Who may not have an MRI scan?

Most patients with joint replacements or other orthopedic hardware do not present a problem and still can be scanned, but because MRI uses powerful Magnetic Fields, some patients may be excluded from having a MRI.

If any of the following conditions exist please notify us before your exam.

  • Cardiac Pacemaker
  • Cerebral Aneurysm Clips
  • Cochlear Implants
  • Implanted Insulin or Chemotherapy Pumps
  • Implanted Neuro-Stimulator Devices
  • Pregnancy
  • Heart Valve Replacements
  • Other Prosthetic Devices
  • Metal Fragments in Eye

What are my rights as a patient?

We are committed to maintaining the rights of patients and will assure patient confidentiality, dignity, privacy and the right for you to understand and consent to the test.

Can I receive copies of my MRI films and reports?

Upon your request, your films and reports are available for you to pick up. Please call us at 781-279-2213 to request copies.

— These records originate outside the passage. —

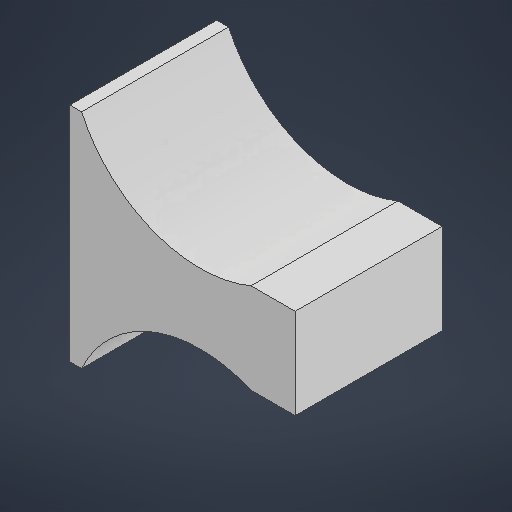
# Autodesk Inventor part: распорка
Saved by Autodesk Inventor 2025 (Build 290162000, 162)
## iProperties
Created: 2025-03-06
Part Number: распорка
Material: Типовые
Document SubType Name: Modeling
Designer: Phantom
Density: 1 g/cm^3
Appearance: По умолчанию
Author: Phantom
Autodesk Inventor part; units mm, degrees
ref_plane "YZ Plane" through (0, 0, 0) normal (1, 0, 0) x (0, 1, 0)
ref_plane "XZ Plane" through (0, 0, 0) normal (0, 1, 0) x (-1, 0, 0)
ref_plane "XY Plane" through (0, 0, 0) normal (0, 0, 1) x (1, 0, 0)
sketch "Эскиз1" plane through (0, 0, 0) normal (0, 0, 1) x (1, 0, 0)
  circle A0 centre (0, 0) radius 17.75
  line L0 (0, 0) -> (0, -45)
  circle A1 centre (0, -45) radius 17.75
  line L1 (12.9091, -12.1827) -> (12.9091, -32.8173)
  line L2 (-17.75, 0) -> (-17.75, -45)
  line L3 (9.8694, -14.7532) -> (14.166, -14.7532)
  line L4 (9.8694, -30.2468) -> (17.166, -30.2468)
  line L5 (-16.1446, -7.3766) -> (-17.75, -7.3766)
  line L6 (-16.1446, -37.6234) -> (-17.75, -37.6234)
  line L7 (6.9028, -16.3528) -> (15.2579, -16.3528)
  line L8 (6.9028, -28.6472) -> (17.9028, -28.6472)
  point P0 (12.9091, -30.2468)
  point P1 (12.9091, -14.7532)
  point P2 (12.9091, -28.6472)
  point P3 (12.9091, -16.3528)
  dimension "d0" = 35.5
  dimension "d1" = 45
  dimension "d2" = 35.5
  constraints: 18 end point, 10 point on circle, 3 horizontal, 3 perpendicular, 3 point on line, 2 centre point, 2 coincident, 2 vertical, 1 tangent
  measures "d0" diameter of A0
  measures "d1" distance of L0.start L0.end
  measures "d2" diameter of A1
extrude "Выдавливание1" add sketch "Эскиз1" along normal blind 20 contours A0 L0 A1 L6 L2 L5 | A0 L7 L1 L8 A1 L0
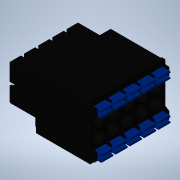
# Autodesk Inventor part: 8079510 10GD-2RR3,5-CLP-CBL
Saved by Autodesk Inventor 2021 (Build 250183000, 183)
## iProperties
Created: 2026-04-23
Part Number: 8079510 10GD-2RR3,5-CLP-CBL
Material: Generic
Catalog Web Link: www.3dfindit.com
Description: NEKM-C6 (p)-terminal strip
Vendor: FESTO
Document SubType Name: Modeling
Designer: psAdmin
Manufacturer: FESTO
Mass: 3.84274 g
Surface Area: 29.1557 cm^2
Volume: 3.84274 cm^3
Density: 1 g/cm^3
Appearance: PSOLRGB-80-80-80
Category: PARTsolutions
Company: FESTO
Title: 8079510 10GD-2RR3,5-CLP-CBL
Author: Cadenas PARTsolutions
Comments: terminal strip
PSOL_IDENT_0: {$CADENAS_DATA/23d-libs/festo/parts/n/nekm/parts/nekm_c6_parts.prj},200 {VTYP=3D},{NB=8079510 10GD-2
PSOL_IDENT_1: RR3,5-CLP-CBL},{LINA=8079510 10GD-2RR3,5-CLP-CBL},{NN=NEKM-C6 (p)},{DATE=26.08.2025 07:05:50},{GEOMD
PSOL_IDENT_2: ATE=26.08.2025 07:05:00},{VERSION=},{LINEID=160},{WBVAR=},{WBNUMERIC=}  {NB=8079510 10GD-2RR3,5-CLP-
PSOL_IDENT_3: CBL},{LINA=8079510 10GD-2RR3,5-CLP-CBL},{KT=DUMMY},{TNR=8079510},{TYP=10GD-2RR3,5-CLP-CBL},{VERS=1},
PSOL_IDENT_4: {N=5},{L=18.300},{L1=0.000}
NB: 8079510 10GD-2RR3,5-CLP-CBL
NN: NEKM-C6 (p)
NT: terminal strip
NBSYN: $TNR. $TYP.
LINA: 8079510 10GD-2RR3,5-CLP-CBL
CATALOG: Festo
TNR: 8079510
TYP: 10GD-2RR3,5-CLP-CBL
VERS: 1
N: 5
L: 18.3
L1: 0
SUPPLIER: FESTO
ARTICLENO: 8079510 10GD-2RR3,5-CLP-CBL
BOMINFO: 8079510 10GD-2RR3,5-CLP-CBL
CREATOR: CADENAS GmbH
Autodesk Inventor part; units mm, degrees
sketch "Sketch_1" plane through (0, 0, 0) normal (0, 0, 1) x (1, 0, 0)
  line L0 (0, -4.9505) -> (0.2, -5.5)
  line L1 (0.2, -5.5) -> (0.2, -6.5)
  line L2 (0.2, -6.5) -> (13.4, -6.5)
  arc A0 (13.4, -6.5) -> (13.6, -6.3) centre (13.4, -6.3) ccw
  line L3 (13.6, -6.3) -> (13.6, 6.55)
  arc A1 (13.6, 6.55) -> (13.4, 6.75) centre (13.4, 6.55) ccw
  line L4 (13.4, 6.75) -> (12.8, 6.75)
  arc A2 (12.8, 6.75) -> (12.6, 6.55) centre (12.8, 6.55) ccw
  line L5 (12.6, 6.55) -> (12.6, 6.5)
  line L6 (12.6, 6.5) -> (0.2, 6.5)
  line L7 (0.2, 6.5) -> (0.2, 5.5)
  line L8 (0.2, 5.5) -> (0, 4.9505)
  line L9 (0, 4.9505) -> (0, -4.9505)
  constraints: 20 end point, 6 point on circle, 3 centre point
extrude "Extrusion1" add sketch "Sketch_1" along normal mid plane 18.3
sketch "Sketch_2" plane through (0, 0, 9.15) normal (0, 0, 1) x (1, 0, 0)
  line L0 (13.6, 5.85) -> (13.6, 3.0572)
  arc A0 (13.7, 3.2304) -> (13.6, 3.0572) centre (13.8, 3.0572) ccw
  line L1 (13.7, 3.2304) -> (14.5, 3.6923)
  arc A1 (14.5, 3.6923) -> (14.6, 3.8655) centre (14.4, 3.8655) ccw
  line L2 (14.6, 3.8655) -> (14.6, 5.45)
  arc A2 (14.6, 5.45) -> (14.4, 5.65) centre (14.4, 5.45) ccw
  line L3 (14.4, 5.65) -> (13.8, 5.65)
  arc A3 (13.6, 5.85) -> (13.8, 5.65) centre (13.8, 5.85) ccw
  constraints: 8 end point, 8 point on circle, 4 centre point
extrude "Extrusion2" add sketch "Sketch_2" against normal blind 0.625
sketch "Sketch_3" plane through (0, 0, 9.15) normal (0, 0, 1) x (1, 0, 0)
  arc A0 (13.8, -5.65) -> (13.6, -5.85) centre (13.8, -5.85) ccw
  line L0 (13.8, -5.65) -> (14.4, -5.65)
  arc A1 (14.4, -5.65) -> (14.6, -5.45) centre (14.4, -5.45) ccw
  line L1 (14.6, -5.45) -> (14.6, -3.8655)
  arc A2 (14.6, -3.8655) -> (14.5, -3.6923) centre (14.4, -3.8655) ccw
  line L2 (14.5, -3.6923) -> (13.7, -3.2304)
  arc A3 (13.6, -3.0572) -> (13.7, -3.2304) centre (13.8, -3.0572) ccw
  line L3 (13.6, -3.0572) -> (13.6, -5.85)
  constraints: 8 end point, 8 point on circle, 4 centre point
extrude "Extrusion3" add sketch "Sketch_3" against normal blind 0.625
pattern_linear "Rectangular Pattern1" count 2 spacing 17.675 along (0, 0, -1) of "Extrusion2"
pattern_linear "Rectangular Pattern2" count 2 spacing 17.675 along (0, 0, -1) of "Extrusion3"
sketch "Sketch_8" plane through (0, 0, 5.475) normal (0, 0, 1) x (1, 0, 0)
  line L0 (13.6, 5.85) -> (13.6, 3.0572)
  arc A0 (13.7, 3.2304) -> (13.6, 3.0572) centre (13.8, 3.0572) ccw
  line L1 (13.7, 3.2304) -> (14.5, 3.6923)
  arc A1 (14.5, 3.6923) -> (14.6, 3.8655) centre (14.4, 3.8655) ccw
  line L2 (14.6, 3.8655) -> (14.6, 5.45)
  arc A2 (14.6, 5.45) -> (14.4, 5.65) centre (14.4, 5.45) ccw
  line L3 (14.4, 5.65) -> (13.8, 5.65)
  arc A3 (13.6, 5.85) -> (13.8, 5.65) centre (13.8, 5.85) ccw
  constraints: 8 end point, 8 point on circle, 4 centre point
extrude "Extrusion4" add sketch "Sketch_8" against normal blind 0.45
pattern_linear "Rectangular Pattern3" count 4 spacing 3.5 along (0, 0, -1) of "Extrusion4"
sketch "Sketch_10" plane through (0, 0, 5.475) normal (0, 0, 1) x (1, 0, 0)
  arc A0 (13.8, -5.65) -> (13.6, -5.85) centre (13.8, -5.85) ccw
  line L0 (13.8, -5.65) -> (14.4, -5.65)
  arc A1 (14.4, -5.65) -> (14.6, -5.45) centre (14.4, -5.45) ccw
  line L1 (14.6, -5.45) -> (14.6, -3.8655)
  arc A2 (14.6, -3.8655) -> (14.5, -3.6923) centre (14.4, -3.8655) ccw
  line L2 (14.5, -3.6923) -> (13.7, -3.2304)
  arc A3 (13.6, -3.0572) -> (13.7, -3.2304) centre (13.8, -3.0572) ccw
  line L3 (13.6, -3.0572) -> (13.6, -5.85)
  constraints: 8 end point, 8 point on circle, 4 centre point
extrude "Extrusion5" add sketch "Sketch_10" against normal blind 0.45
pattern_linear "Rectangular Pattern4" count 4 spacing 3.5 along (0, 0, -1) of "Extrusion5"
sketch "Sketch_6" plane through (0, 0, 8.425) normal (0, 0, 1) x (1, 0, 0)
  line L0 (13.6, 3.85) -> (15.4, 3.85)
  arc A0 (15.4, 3.85) -> (15.6, 4.05) centre (15.4, 4.05) ccw
  line L1 (15.6, 4.05) -> (15.6, 4.0747)
  arc A1 (15.6, 4.0747) -> (15.4261, 4.273) centre (15.4, 4.0747) ccw
  line L2 (15.4261, 4.273) -> (14.4418, 4.4026)
  arc A2 (14.4418, 4.9974) -> (14.4418, 4.4026) centre (14.481, 4.7) ccw
  line L3 (14.4418, 4.9974) -> (15.4261, 5.127)
  arc A3 (15.4261, 5.127) -> (15.6, 5.3253) centre (15.4, 5.3253) ccw
  line L4 (15.6, 5.3253) -> (15.6, 5.35)
  arc A4 (15.6, 5.35) -> (15.4, 5.55) centre (15.4, 5.35) ccw
  line L5 (15.4, 5.55) -> (13.6, 5.55)
  line L6 (13.6, 5.55) -> (13.6, 3.85)
  constraints: 14 end point, 10 point on circle, 5 centre point
extrude "Extrusion6" add sketch "Sketch_6" against normal blind 2.85
pattern_linear "Rectangular Pattern5" count 5 spacing 3.5 along (0, 0, -1) count 2 spacing 9.4 along (0, -1, 0) of "Extrusion6"
sketch "Sketch_12" plane through (0, 1.8, 0) normal (0, 1, 0) x (1, 0, 0)
  line L0 (10.6, -7) -> (13.6, -7)
  line L1 (13.6, -7) -> (13.6, -8.7)
  arc A0 (13.6, -8.7) -> (13.4, -8.5) centre (13.4, -8.7) ccw
  line L2 (13.4, -8.5) -> (10.6, -8.5)
  line L3 (10.6, -8.5) -> (10.6, -7)
  line L4 (10.6, -7) -> (13.6, -7)
  constraints: 10 end point, 2 point on circle, 1 centre point
revolve "Revolution1" cut sketch "Sketch_12" angle 360 about axis through (10.6, 1.8, 7) along (-1, 0, 0)
pattern_linear "Rectangular Pattern6" count 5 spacing 3.5 along (0, 0, -1) count 2 spacing 3.6 along (0, -1, 0) of "Revolution1"
sketch "Sketch_14" plane through (0, 0, 0) normal (1, 0, 0) x (0, 1, 0)
  line L0 (0.4, 8.375) -> (0.4, 8.0338)
  arc A0 (0.4, 8.0338) -> (0.4586, 7.8924) centre (0.6, 8.0338) ccw
  line L1 (0.4586, 7.8924) -> (0.7278, 7.6232)
  arc A1 (0.8266, 7.277) -> (0.7278, 7.6232) centre (-0.8, 7) ccw
  line L2 (0.8266, 7.277) -> (0.6203, 7.0707)
  arc A2 (0.6203, 7.0707) -> (0.6203, 6.9293) centre (0.691, 7) ccw
  line L3 (0.6203, 6.9293) -> (0.8266, 6.723)
  arc A3 (0.7278, 6.3768) -> (0.8266, 6.723) centre (-0.8, 7) ccw
  line L4 (0.7278, 6.3768) -> (0.4586, 6.1076)
  arc A4 (0.4586, 6.1076) -> (0.4, 5.9662) centre (0.6, 5.9662) ccw
  line L5 (0.4, 5.9662) -> (0.4, 5.625)
  line L6 (0.4, 5.625) -> (4.6, 5.625)
  line L7 (4.6, 5.625) -> (4.6, 8.375)
  line L8 (4.6, 8.375) -> (0.4, 8.375)
  constraints: 18 end point, 10 point on circle, 5 centre point
extrude "Extrusion7" add sketch "Sketch_14" against normal blind 7.05
pattern_linear "Rectangular Pattern7" count 5 spacing 3.5 along (0, 0, -1) of "Extrusion7"
sketch "Sketch_16" plane through (0, 0, 0) normal (1, 0, 0) x (0, 1, 0)
  arc A0 (-3.6989, 8.375) -> (-4.6, 7.4739) centre (-3.6989, 7.4739) ccw
  line L0 (-4.6, 7.4739) -> (-4.6, 6.5261)
  arc A1 (-4.6, 6.5261) -> (-3.6989, 5.625) centre (-3.6989, 6.5261) ccw
  line L1 (-3.6989, 5.625) -> (-0.4, 5.625)
  line L2 (-0.4, 5.625) -> (-0.4, 5.9662)
  arc A2 (-0.4, 5.9662) -> (-0.4586, 6.1076) centre (-0.6, 5.9662) ccw
  line L3 (-0.4586, 6.1076) -> (-0.7278, 6.3768)
  arc A3 (-0.8266, 6.723) -> (-0.7278, 6.3768) centre (0.8, 7) ccw
  line L4 (-0.8266, 6.723) -> (-0.6203, 6.9293)
  arc A4 (-0.6203, 6.9293) -> (-0.6203, 7.0707) centre (-0.691, 7) ccw
  line L5 (-0.6203, 7.0707) -> (-0.8266, 7.277)
  arc A5 (-0.7278, 7.6232) -> (-0.8266, 7.277) centre (0.8, 7) ccw
  line L6 (-0.7278, 7.6232) -> (-0.4586, 7.8924)
  arc A6 (-0.4586, 7.8924) -> (-0.4, 8.0338) centre (-0.6, 8.0338) ccw
  line L7 (-0.4, 8.0338) -> (-0.4, 8.375)
  line L8 (-0.4, 8.375) -> (-3.6989, 8.375)
  constraints: 18 end point, 14 point on circle, 7 centre point
extrude "Extrusion8" add sketch "Sketch_16" against normal blind 7.05
pattern_linear "Rectangular Pattern8" count 5 spacing 3.5 along (0, 0, -1) of "Extrusion8"
sketch "Sketch_18" plane through (0, 2.75, 0) normal (0, 1, 0) x (1, 0, 0)
  line L0 (-6.05, -7) -> (-7.05, -7)
  line L1 (-7.05, -7) -> (-7.05, -6.2)
  line L2 (-7.05, -6.2) -> (-6.05, -6.2)
  line L3 (-6.05, -6.2) -> (-6.05, -7)
  line L4 (-6.05, -7) -> (-7.05, -7)
  constraints: 10 end point
revolve "Revolution2" cut sketch "Sketch_18" angle 360 about axis through (-6.05, 2.75, 7) along (1, 0, 0)
pattern_linear "Rectangular Pattern9" count 5 spacing 3.5 along (0, 0, -1) count 2 spacing 5.5 along (0, -1, 0) of "Revolution2"
ref_plane "ANBAU_XY" through (0, 0, 0) normal (0, 1, 0) x (1, 0, 0)
ref_plane "ANBAU_YZ" through (0, 0, 0) normal (1, 0, 0) x (0, 0, -1)
ref_plane "ANBAU_ZX" through (0, 0, 0) normal (0, 0, -1) x (0, 1, 0)
ref_plane "CP1_XY" through (0, 0, 0) normal (1, 0, 0) x (0, 0, -1)
ref_plane "CP1_YZ" through (0, 0, 0) normal (0, 0, -1) x (0, 1, 0)
ref_plane "CP1_ZX" through (0, 0, 0) normal (0, 1, 0) x (1, 0, 0)
ref_plane "ECP_1_XY" through (2.6, 1.8, 7) normal (1, 0, 0) x (0, 0, -1)
ref_plane "ECP_1_YZ" through (2.6, 1.8, 7) normal (0, 0, -1) x (0, 1, 0)
ref_plane "ECP_1_ZX" through (2.6, 1.8, 7) normal (0, 1, 0) x (1, 0, 0)
ref_plane "ECP_10_XY" through (2.6, -1.8, -7) normal (1, 0, 0) x (0, 0, -1)
ref_plane "ECP_10_YZ" through (2.6, -1.8, -7) normal (0, 0, -1) x (0, 1, 0)
ref_plane "ECP_10_ZX" through (2.6, -1.8, -7) normal (0, 1, 0) x (1, 0, 0)
ref_plane "ECP_2_XY" through (2.6, 1.8, 3.5) normal (1, 0, 0) x (0, 0, -1)
ref_plane "ECP_2_YZ" through (2.6, 1.8, 3.5) normal (0, 0, -1) x (0, 1, 0)
ref_plane "ECP_2_ZX" through (2.6, 1.8, 3.5) normal (0, 1, 0) x (1, 0, 0)
ref_plane "ECP_3_XY" through (2.6, 1.8, 0) normal (1, 0, 0) x (0, 0, -1)
ref_plane "ECP_3_YZ" through (2.6, 1.8, 0) normal (0, 0, -1) x (0, 1, 0)
ref_plane "ECP_3_ZX" through (2.6, 1.8, 0) normal (0, 1, 0) x (1, 0, 0)
ref_plane "ECP_4_XY" through (2.6, 1.8, -3.5) normal (1, 0, 0) x (0, 0, -1)
ref_plane "ECP_4_YZ" through (2.6, 1.8, -3.5) normal (0, 0, -1) x (0, 1, 0)
ref_plane "ECP_4_ZX" through (2.6, 1.8, -3.5) normal (0, 1, 0) x (1, 0, 0)
ref_plane "ECP_5_XY" through (2.6, 1.8, -7) normal (1, 0, 0) x (0, 0, -1)
ref_plane "ECP_5_YZ" through (2.6, 1.8, -7) normal (0, 0, -1) x (0, 1, 0)
ref_plane "ECP_5_ZX" through (2.6, 1.8, -7) normal (0, 1, 0) x (1, 0, 0)
ref_plane "ECP_6_XY" through (2.6, -1.8, 7) normal (1, 0, 0) x (0, 0, -1)
ref_plane "ECP_6_YZ" through (2.6, -1.8, 7) normal (0, 0, -1) x (0, 1, 0)
ref_plane "ECP_6_ZX" through (2.6, -1.8, 7) normal (0, 1, 0) x (1, 0, 0)
ref_plane "ECP_7_XY" through (2.6, -1.8, 3.5) normal (1, 0, 0) x (0, 0, -1)
ref_plane "ECP_7_YZ" through (2.6, -1.8, 3.5) normal (0, 0, -1) x (0, 1, 0)
ref_plane "ECP_7_ZX" through (2.6, -1.8, 3.5) normal (0, 1, 0) x (1, 0, 0)
ref_plane "ECP_8_XY" through (2.6, -1.8, 0) normal (1, 0, 0) x (0, 0, -1)
ref_plane "ECP_8_YZ" through (2.6, -1.8, 0) normal (0, 0, -1) x (0, 1, 0)
ref_plane "ECP_8_ZX" through (2.6, -1.8, 0) normal (0, 1, 0) x (1, 0, 0)
ref_plane "ECP_9_XY" through (2.6, -1.8, -3.5) normal (1, 0, 0) x (0, 0, -1)
ref_plane "ECP_9_YZ" through (2.6, -1.8, -3.5) normal (0, 0, -1) x (0, 1, 0)
ref_plane "ECP_9_ZX" through (2.6, -1.8, -3.5) normal (0, 1, 0) x (1, 0, 0)
ref_plane "MD_XY" through (-7.05, 2.75, 7) normal (-1, 0, 0) x (0, 0, -1)
ref_plane "MD_YZ" through (-7.05, 2.75, 7) normal (0, 0, -1) x (0, -1, 0)
ref_plane "MD_ZX" through (-7.05, 2.75, 7) normal (0, -1, 0) x (-1, 0, 0)
ref_plane "OP_XY" through (-7.05, 6.625, -9.15) normal (1, 0, 0) x (0, 0, 1)
ref_plane "OP_YZ" through (-7.05, 6.625, -9.15) normal (0, 0, 1) x (0, -1, 0)
ref_plane "OP_ZX" through (-7.05, 6.625, -9.15) normal (0, -1, 0) x (1, 0, 0)
body "Solid1"

What about payment for my MRI scan?

The charges for your scan are usually covered by Medicare, Blue Cross/Blue Shield, Medicaid, various HMO's and government employee programs, as well as by commercial insurance companies. As a courtesy, staff will verify your insurance coverage and inform you of any payment responsibility. For any balance, we accept MasterCard, Visa, personal checks or cash for payment. Please note that you will be billed separately by the Radiologist for interpretations of the exam.